Батай пытается подкрепить свой опыт разрушения отчетами о мистических опытах святой Анжелы из Фолиньи. Но это безнадежная попытка. Мистический опыт не передается и не верифицируется. Всё, о чем говорит Анжела, характеризует её саму, а отнюдь не Бога. Её отчеты о мистических видениях никак не могут служить основой для понятия о Боге. Батай на равных с ней может поделиться своими мистическими переживаниями. Они так же расскажут нам только о Батае, но не о Боге.

Однако Батай не делится с нами своим опытом, но скорее выступает пропагандистом мистического опыта, как дверью к Богу, альтернативной традиционным дверям обетов, обрядов, молитв и покаяний. Но святые, имевшие мистический опыт никогда не противопоставляли его повседневной практике церковной жизни.

От Анжелы из Фолиньи Батай переходит к Декарту:

II ДЕКАРТ

В начале этой главки Батай приводит свидетельство Декарта о его пути к идее Бога. Декарт, в передаче Батая, говорит:

“Задержавшись достаточно долго на этом размышлении, можно постепенно обрести весьма ясное, если я могу так выразиться, интуитивное понимание разумной природы вообще; идея такой природы, рассматриваемая без ограничений, являет нам Бога, а в ограниченном виде – ангела или человеческую душу”.

Древние полагали, что разумная природа человека – от бога. Существование бога предваряет это заключение, в котором различение разумной и неразумной природ человека увязывается с божественным космосом. То есть, исходя из существования бога, объясняется присутствие разума в человеке. Но это не значит, что возможен обратный путь – из размышления над разумом человека прийти к идее бога, как это делает Декарт.

Батай считает, что к достоверности бытия бога через рассуждение короче приходит Ансельм Кентерберийский, который полагает, что “совершеннейшее существо не может не иметь атрибутом существование”.

Но доказать бытие совершеннейшего существа в столь очевидно несовершенном мире столь же трудно, как и бытие Бога.

Словом все логические аргументы убеждают лишь тех, кто их придумывает. Батай тоже становится на эту скользкую дорожку: он пытается пройти путем Декарта, и у него не получается, в силу невозможности обратного движения – от ума к богу. Батай пишет:

“…Бог, спору нет, может знать себя, но знает Он себя совсем не согласно свойственному нам модусу рассуждающей мысли. “Беспредельная интеллектуальная природа” обретает здесь свой последний предел.
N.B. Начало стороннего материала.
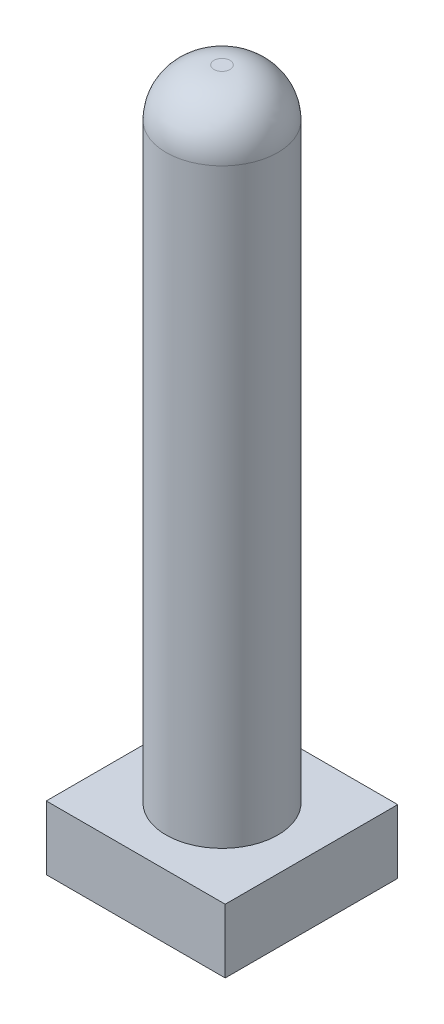
ISO-10303-21;
HEADER;
FILE_DESCRIPTION(('STEP AP214'),'2;1');
FILE_NAME('part.step','',(''),(''),'','','');
FILE_SCHEMA(('AUTOMOTIVE_DESIGN { 1 0 10303 214 1 1 1 1 }'));
ENDSEC;
DATA;
#1=APPLICATION_CONTEXT('core data for automotive mechanical design processes');
#2=APPLICATION_PROTOCOL_DEFINITION('international standard','automotive_design',2000,#1);
#3=PRODUCT_CONTEXT('',#1,'mechanical');
#4=PRODUCT('Part','Part','',(#3));
#5=PRODUCT_RELATED_PRODUCT_CATEGORY('part','',(#4));
#6=PRODUCT_DEFINITION_FORMATION('','',#4);
#7=PRODUCT_DEFINITION_CONTEXT('part definition',#1,'design');
#8=PRODUCT_DEFINITION('design','',#6,#7);
#9=PRODUCT_DEFINITION_SHAPE('','',#8);
#10=(LENGTH_UNIT() NAMED_UNIT(*) SI_UNIT(.MILLI.,.METRE.));
#11=(NAMED_UNIT(*) PLANE_ANGLE_UNIT() SI_UNIT($,.RADIAN.));
#12=(NAMED_UNIT(*) SI_UNIT($,.STERADIAN.) SOLID_ANGLE_UNIT());
#13=UNCERTAINTY_MEASURE_WITH_UNIT(LENGTH_MEASURE(1.E-05),#10,'distance_accuracy_value','');
#14=(GEOMETRIC_REPRESENTATION_CONTEXT(3) GLOBAL_UNCERTAINTY_ASSIGNED_CONTEXT((#13)) GLOBAL_UNIT_ASSIGNED_CONTEXT((#10,
#11,#12)) REPRESENTATION_CONTEXT('',''));
#15=CARTESIAN_POINT('',(0.,0.,0.));
#16=DIRECTION('',(0.,0.,1.));
#17=DIRECTION('',(1.,0.,0.));
#18=AXIS2_PLACEMENT_3D('',#15,#16,#17);
#19=CARTESIAN_POINT('',(2.8,2.,2.7));
#20=DIRECTION('',(-1.,0.,0.));
#21=DIRECTION('',(0.,0.,1.));
#22=AXIS2_PLACEMENT_3D('',#19,#20,#21);
#23=PLANE('',#22);
#24=DIRECTION('',(0.,0.,-1.));
#25=VECTOR('',#24,1.);
#26=CARTESIAN_POINT('',(2.8,0.,2.7));
#27=LINE('',#26,#25);
#28=CARTESIAN_POINT('',(2.8,0.,2.7));
#29=VERTEX_POINT('',#28);
#30=CARTESIAN_POINT('',(2.8,0.,-2.7));
#31=VERTEX_POINT('',#30);
#32=EDGE_CURVE('E113',#29,#31,#27,.T.);
#33=ORIENTED_EDGE('',*,*,#32,.T.);
#34=DIRECTION('',(0.,-1.,0.));
#35=VECTOR('',#34,1.);
#36=CARTESIAN_POINT('',(2.8,2.,-2.7));
#37=LINE('',#36,#35);
#38=CARTESIAN_POINT('',(2.8,2.,-2.7));
#39=VERTEX_POINT('',#38);
#40=EDGE_CURVE('E102',#39,#31,#37,.T.);
#41=ORIENTED_EDGE('',*,*,#40,.F.);
#42=DIRECTION('',(0.,0.,-1.));
#43=VECTOR('',#42,1.);
#44=CARTESIAN_POINT('',(2.8,2.,2.7));
#45=LINE('',#44,#43);
#46=CARTESIAN_POINT('',(2.8,2.,2.7));
#47=VERTEX_POINT('',#46);
#48=EDGE_CURVE('E94',#47,#39,#45,.T.);
#49=ORIENTED_EDGE('',*,*,#48,.F.);
#50=DIRECTION('',(0.,-1.,0.));
#51=VECTOR('',#50,1.);
#52=CARTESIAN_POINT('',(2.8,2.,2.7));
#53=LINE('',#52,#51);
#54=EDGE_CURVE('E109',#47,#29,#53,.T.);
#55=ORIENTED_EDGE('',*,*,#54,.T.);
#56=EDGE_LOOP('',(#33,#41,#49,#55));
#57=FACE_BOUND('',#56,.T.);
#58=ADVANCED_FACE('F39',(#57),#23,.F.);
#59=CARTESIAN_POINT('',(-2.8,2.,-2.7));
#60=DIRECTION('',(0.,0.,1.));
#61=DIRECTION('',(1.,0.,0.));
#62=AXIS2_PLACEMENT_3D('',#59,#60,#61);
#63=PLANE('',#62);
#64=DIRECTION('',(-1.,0.,0.));
#65=VECTOR('',#64,1.);
#66=CARTESIAN_POINT('',(-2.8,0.,-2.7));
#67=LINE('',#66,#65);
#68=CARTESIAN_POINT('',(-2.8,0.,-2.7));
#69=VERTEX_POINT('',#68);
#70=EDGE_CURVE('E100',#31,#69,#67,.T.);
#71=ORIENTED_EDGE('',*,*,#70,.T.);
#72=DIRECTION('',(0.,-1.,0.));
#73=VECTOR('',#72,1.);
#74=CARTESIAN_POINT('',(-2.8,2.,-2.7));
#75=LINE('',#74,#73);
#76=CARTESIAN_POINT('',(-2.8,2.,-2.7));
#77=VERTEX_POINT('',#76);
#78=EDGE_CURVE('E98',#77,#69,#75,.T.);
#79=ORIENTED_EDGE('',*,*,#78,.F.);
#80=DIRECTION('',(-1.,0.,0.));
#81=VECTOR('',#80,1.);
#82=CARTESIAN_POINT('',(-2.8,2.,-2.7));
#83=LINE('',#82,#81);
#84=EDGE_CURVE('E89',#39,#77,#83,.T.);
#85=ORIENTED_EDGE('',*,*,#84,.F.);
#86=ORIENTED_EDGE('',*,*,#40,.T.);
#87=EDGE_LOOP('',(#71,#79,#85,#86));
#88=FACE_BOUND('',#87,.T.);
#89=ADVANCED_FACE('F99',(#88),#63,.F.);
#90=CARTESIAN_POINT('',(-2.8,2.,2.7));
#91=DIRECTION('',(1.,0.,0.));
#92=DIRECTION('',(0.,0.,-1.));
#93=AXIS2_PLACEMENT_3D('',#90,#91,#92);
#94=PLANE('',#93);
#95=DIRECTION('',(0.,0.,1.));
#96=VECTOR('',#95,1.);
#97=CARTESIAN_POINT('',(-2.8,0.,2.7));
#98=LINE('',#97,#96);
#99=CARTESIAN_POINT('',(-2.8,0.,2.7));
#100=VERTEX_POINT('',#99);
#101=EDGE_CURVE('E75',#69,#100,#98,.T.);
#102=ORIENTED_EDGE('',*,*,#101,.T.);
#103=DIRECTION('',(0.,-1.,0.));
#104=VECTOR('',#103,1.);
#105=CARTESIAN_POINT('',(-2.8,2.,2.7));
#106=LINE('',#105,#104);
#107=CARTESIAN_POINT('',(-2.8,2.,2.7));
#108=VERTEX_POINT('',#107);
#109=EDGE_CURVE('E103',#108,#100,#106,.T.);
#110=ORIENTED_EDGE('',*,*,#109,.F.);
#111=DIRECTION('',(0.,0.,1.));
#112=VECTOR('',#111,1.);
#113=CARTESIAN_POINT('',(-2.8,2.,2.7));
#114=LINE('',#113,#112);
#115=EDGE_CURVE('E92',#77,#108,#114,.T.);
#116=ORIENTED_EDGE('',*,*,#115,.F.);
#117=ORIENTED_EDGE('',*,*,#78,.T.);
#118=EDGE_LOOP('',(#102,#110,#116,#117));
#119=FACE_BOUND('',#118,.T.);
#120=ADVANCED_FACE('F105',(#119),#94,.F.);
#121=CARTESIAN_POINT('',(-2.8,2.,2.7));
#122=DIRECTION('',(0.,0.,-1.));
#123=DIRECTION('',(-1.,0.,0.));
#124=AXIS2_PLACEMENT_3D('',#121,#122,#123);
#125=PLANE('',#124);
#126=DIRECTION('',(1.,0.,0.));
#127=VECTOR('',#126,1.);
#128=CARTESIAN_POINT('',(-2.8,0.,2.7));
#129=LINE('',#128,#127);
#130=EDGE_CURVE('E81',#100,#29,#129,.T.);
#131=ORIENTED_EDGE('',*,*,#130,.T.);
#132=ORIENTED_EDGE('',*,*,#54,.F.);
#133=DIRECTION('',(1.,0.,0.));
#134=VECTOR('',#133,1.);
#135=CARTESIAN_POINT('',(-2.8,2.,2.7));
#136=LINE('',#135,#134);
#137=EDGE_CURVE('E58',#108,#47,#136,.T.);
#138=ORIENTED_EDGE('',*,*,#137,.F.);
#139=ORIENTED_EDGE('',*,*,#109,.T.);
#140=EDGE_LOOP('',(#131,#132,#138,#139));
#141=FACE_BOUND('',#140,.T.);
#142=ADVANCED_FACE('F162',(#141),#125,.F.);
#143=CARTESIAN_POINT('',(0.,2.,0.));
#144=DIRECTION('',(0.,-1.,0.));
#145=DIRECTION('',(0.,0.,-1.));
#146=AXIS2_PLACEMENT_3D('',#143,#144,#145);
#147=PLANE('',#146);
#148=CARTESIAN_POINT('',(0.,2.,0.));
#149=DIRECTION('',(0.,-1.,0.));
#150=DIRECTION('',(0.,0.,-1.));
#151=AXIS2_PLACEMENT_3D('',#148,#149,#150);
#152=CIRCLE('',#151,1.75);
#153=CARTESIAN_POINT('',(0.,2.,-1.75));
#154=VERTEX_POINT('',#153);
#155=EDGE_CURVE('E130',#154,#154,#152,.F.);
#156=ORIENTED_EDGE('',*,*,#155,.F.);
#157=EDGE_LOOP('',(#156));
#158=FACE_BOUND('',#157,.T.);
#159=ORIENTED_EDGE('',*,*,#48,.T.);
#160=ORIENTED_EDGE('',*,*,#84,.T.);
#161=ORIENTED_EDGE('',*,*,#115,.T.);
#162=ORIENTED_EDGE('',*,*,#137,.T.);
#163=EDGE_LOOP('',(#159,#160,#161,#162));
#164=FACE_BOUND('',#163,.T.);
#165=ADVANCED_FACE('F90',(#158,#164),#147,.F.);
#166=CARTESIAN_POINT('',(0.,0.,0.));
#167=DIRECTION('',(0.,-1.,0.));
#168=DIRECTION('',(0.,0.,-1.));
#169=AXIS2_PLACEMENT_3D('',#166,#167,#168);
#170=PLANE('',#169);
#171=CARTESIAN_POINT('',(0.,0.,0.));
#172=DIRECTION('',(0.,-1.,0.));
#173=DIRECTION('',(0.,0.,-1.));
#174=AXIS2_PLACEMENT_3D('',#171,#172,#173);
#175=CIRCLE('',#174,1.2);
#176=CARTESIAN_POINT('',(0.,0.,-1.2));
#177=VERTEX_POINT('',#176);
#178=EDGE_CURVE('E194',#177,#177,#175,.T.);
#179=ORIENTED_EDGE('',*,*,#178,.F.);
#180=EDGE_LOOP('',(#179));
#181=FACE_BOUND('',#180,.T.);
#182=ORIENTED_EDGE('',*,*,#32,.F.);
#183=ORIENTED_EDGE('',*,*,#130,.F.);
#184=ORIENTED_EDGE('',*,*,#101,.F.);
#185=ORIENTED_EDGE('',*,*,#70,.F.);
#186=EDGE_LOOP('',(#182,#183,#184,#185));
#187=FACE_BOUND('',#186,.T.);
#188=ADVANCED_FACE('F165',(#181,#187),#170,.T.);
#189=CARTESIAN_POINT('',(0.,2.8,0.));
#190=DIRECTION('',(0.,-1.,0.));
#191=DIRECTION('',(0.,0.,-1.));
#192=AXIS2_PLACEMENT_3D('',#189,#190,#191);
#193=CYLINDRICAL_SURFACE('',#192,1.2);
#194=ORIENTED_EDGE('',*,*,#178,.T.);
#195=EDGE_LOOP('',(#194));
#196=FACE_BOUND('',#195,.T.);
#197=CARTESIAN_POINT('',(0.,2.,0.));
#198=DIRECTION('',(0.,-1.,0.));
#199=DIRECTION('',(0.,0.,-1.));
#200=AXIS2_PLACEMENT_3D('',#197,#198,#199);
#201=CIRCLE('',#200,1.2);
#202=CARTESIAN_POINT('',(0.,2.,-1.2));
#203=VERTEX_POINT('',#202);
#204=EDGE_CURVE('E117',#203,#203,#201,.T.);
#205=ORIENTED_EDGE('',*,*,#204,.F.);
#206=EDGE_LOOP('',(#205));
#207=FACE_BOUND('',#206,.T.);
#208=ADVANCED_FACE('F168',(#196,#207),#193,.F.);
#209=CARTESIAN_POINT('',(0.,2.,0.));
#210=DIRECTION('',(0.,1.,0.));
#211=DIRECTION('',(0.,0.,1.));
#212=AXIS2_PLACEMENT_3D('',#209,#210,#211);
#213=PLANE('',#212);
#214=CARTESIAN_POINT('',(0.,2.,0.));
#215=DIRECTION('',(0.,1.,0.));
#216=DIRECTION('',(0.,0.,1.));
#217=AXIS2_PLACEMENT_3D('',#214,#215,#216);
#218=CIRCLE('',#217,0.95);
#219=CARTESIAN_POINT('',(0.,2.,0.95));
#220=VERTEX_POINT('',#219);
#221=EDGE_CURVE('E43',#220,#220,#218,.T.);
#222=ORIENTED_EDGE('',*,*,#221,.T.);
#223=EDGE_LOOP('',(#222));
#224=FACE_BOUND('',#223,.T.);
#225=ORIENTED_EDGE('',*,*,#204,.T.);
#226=EDGE_LOOP('',(#225));
#227=FACE_BOUND('',#226,.T.);
#228=ADVANCED_FACE('F175',(#224,#227),#213,.F.);
#229=CARTESIAN_POINT('',(0.,22.,0.));
#230=DIRECTION('',(0.,-1.,0.));
#231=DIRECTION('',(0.,0.,-1.));
#232=AXIS2_PLACEMENT_3D('',#229,#230,#231);
#233=CYLINDRICAL_SURFACE('',#232,1.75);
#234=CARTESIAN_POINT('',(0.,20.5,0.));
#235=DIRECTION('',(0.,1.,0.));
#236=DIRECTION('',(0.,0.,1.));
#237=AXIS2_PLACEMENT_3D('',#234,#235,#236);
#238=CIRCLE('',#237,1.75);
#239=CARTESIAN_POINT('',(0.,20.5,1.75));
#240=VERTEX_POINT('',#239);
#241=EDGE_CURVE('E11',#240,#240,#238,.F.);
#242=ORIENTED_EDGE('',*,*,#241,.T.);
#243=EDGE_LOOP('',(#242));
#244=FACE_BOUND('',#243,.T.);
#245=ORIENTED_EDGE('',*,*,#155,.T.);
#246=EDGE_LOOP('',(#245));
#247=FACE_BOUND('',#246,.T.);
#248=ADVANCED_FACE('F150',(#244,#247),#233,.T.);
#249=CARTESIAN_POINT('',(0.,22.,0.));
#250=DIRECTION('',(0.,1.,0.));
#251=DIRECTION('',(0.,0.,1.));
#252=AXIS2_PLACEMENT_3D('',#249,#250,#251);
#253=PLANE('',#252);
#254=CARTESIAN_POINT('',(0.,22.,0.));
#255=DIRECTION('',(0.,1.,0.));
#256=DIRECTION('',(0.,0.,1.));
#257=AXIS2_PLACEMENT_3D('',#254,#255,#256);
#258=CIRCLE('',#257,0.25);
#259=CARTESIAN_POINT('',(0.,22.,0.25));
#260=VERTEX_POINT('',#259);
#261=EDGE_CURVE('E50',#260,#260,#258,.T.);
#262=ORIENTED_EDGE('',*,*,#261,.T.);
#263=EDGE_LOOP('',(#262));
#264=FACE_BOUND('',#263,.T.);
#265=ADVANCED_FACE('F138',(#264),#253,.T.);
#266=CARTESIAN_POINT('',(0.,20.5,0.));
#267=DIRECTION('',(0.,1.,0.));
#268=DIRECTION('',(0.,0.,1.));
#269=AXIS2_PLACEMENT_3D('',#266,#267,#268);
#270=DEGENERATE_TOROIDAL_SURFACE('',#269,0.25,1.5,.T.);
#271=ORIENTED_EDGE('',*,*,#241,.F.);
#272=EDGE_LOOP('',(#271));
#273=FACE_BOUND('',#272,.T.);
#274=ORIENTED_EDGE('',*,*,#261,.F.);
#275=EDGE_LOOP('',(#274));
#276=FACE_BOUND('',#275,.T.);
#277=ADVANCED_FACE('F41',(#273,#276),#270,.T.);
#278=CARTESIAN_POINT('',(0.,9.5,0.));
#279=DIRECTION('',(0.,-1.,0.));
#280=DIRECTION('',(0.,0.,-1.));
#281=AXIS2_PLACEMENT_3D('',#278,#279,#280);
#282=CYLINDRICAL_SURFACE('',#281,0.95);
#283=CARTESIAN_POINT('',(0.,9.5,0.));
#284=DIRECTION('',(0.,-1.,0.));
#285=DIRECTION('',(0.,0.,-1.));
#286=AXIS2_PLACEMENT_3D('',#283,#284,#285);
#287=CIRCLE('',#286,0.95);
#288=CARTESIAN_POINT('',(0.,9.5,-0.95));
#289=VERTEX_POINT('',#288);
#290=EDGE_CURVE('E189',#289,#289,#287,.T.);
#291=ORIENTED_EDGE('',*,*,#290,.F.);
#292=EDGE_LOOP('',(#291));
#293=FACE_BOUND('',#292,.T.);
#294=ORIENTED_EDGE('',*,*,#221,.F.);
#295=EDGE_LOOP('',(#294));
#296=FACE_BOUND('',#295,.T.);
#297=ADVANCED_FACE('F141',(#293,#296),#282,.F.);
#298=CARTESIAN_POINT('',(0.,9.5,0.));
#299=DIRECTION('',(0.,-1.,0.));
#300=DIRECTION('',(0.,0.,-1.));
#301=AXIS2_PLACEMENT_3D('',#298,#299,#300);
#302=PLANE('',#301);
#303=ORIENTED_EDGE('',*,*,#290,.T.);
#304=EDGE_LOOP('',(#303));
#305=FACE_BOUND('',#304,.T.);
#306=ADVANCED_FACE('F147',(#305),#302,.T.);
#307=CLOSED_SHELL('',(#58,#89,#120,#142,#165,#188,#208,#228,#248,#265,#277,#297,#306));
#308=MANIFOLD_SOLID_BREP('B2',#307);
#309=ADVANCED_BREP_SHAPE_REPRESENTATION('',(#18,#308),#14);
#310=SHAPE_DEFINITION_REPRESENTATION(#9,#309);
ENDSEC;
END-ISO-10303-21;

Исходя из человека – антропоморфически – я могу представить себе беспредельное расширение моей способности понимать, но не могу перейти от этого к тому знанию, которое Бог должен иметь о себе (должен именно потому, что Он есть совершенное существование). Откуда следует, что Бог, долженствующий знать себя, не есть более “интеллектуальная природа” в том смысле, в каком мы можем ее понять”.

Можно бы и не ломать здесь копий. Все попытки образовать понятие бога как предела какого-то ряда или движения могут иметь значение лишь в рамках теории мироздания, наподобие “универсальной науки Декарта”, но ничего не дают в плане религии (= существованию бога). То есть переход от науки к религии невозможен математическим, логическим путем. Здесь экзистенциальный разрыв. Его и фиксирует Батай.

Далее он прокламирует апофатическую попытку образования понятия Бога:

“Нельзя говорить о знании, которое имеет о себе Бог, иначе как отрицаниями…”.

А можно ли вообще говорить о знании бога о самом себе? Таки конструкций нет в традиционном богословии. Есть знание Сына о себе, как сыне Божьем. Но оно существует в рамках откровения, в котором нет места философическому “богу” Батая. В последнем весь корень проблемы. Батай не замечает того, что говорит не о Боге, но о философском концепте. Боги философов и Боги религий – совсем разные.

Как и следовало ожидать, результат всех богословских восклицаний Батая достаточно скромен:

“Бог в нас – это, прежде всего, то движение духа, которое – перейдя от знания конечного к бесконечному – переходит, как бы отодвигая границы, к иной модальности знания, нерассудочной; так и рождается иллюзия утоления вне нас той жажды знания, что в нас существует”.

 Справедливости ради следует сказать, что это не бог Батая, это гносеологический бог Декарта, как его извлек Батай из сочинений последнего.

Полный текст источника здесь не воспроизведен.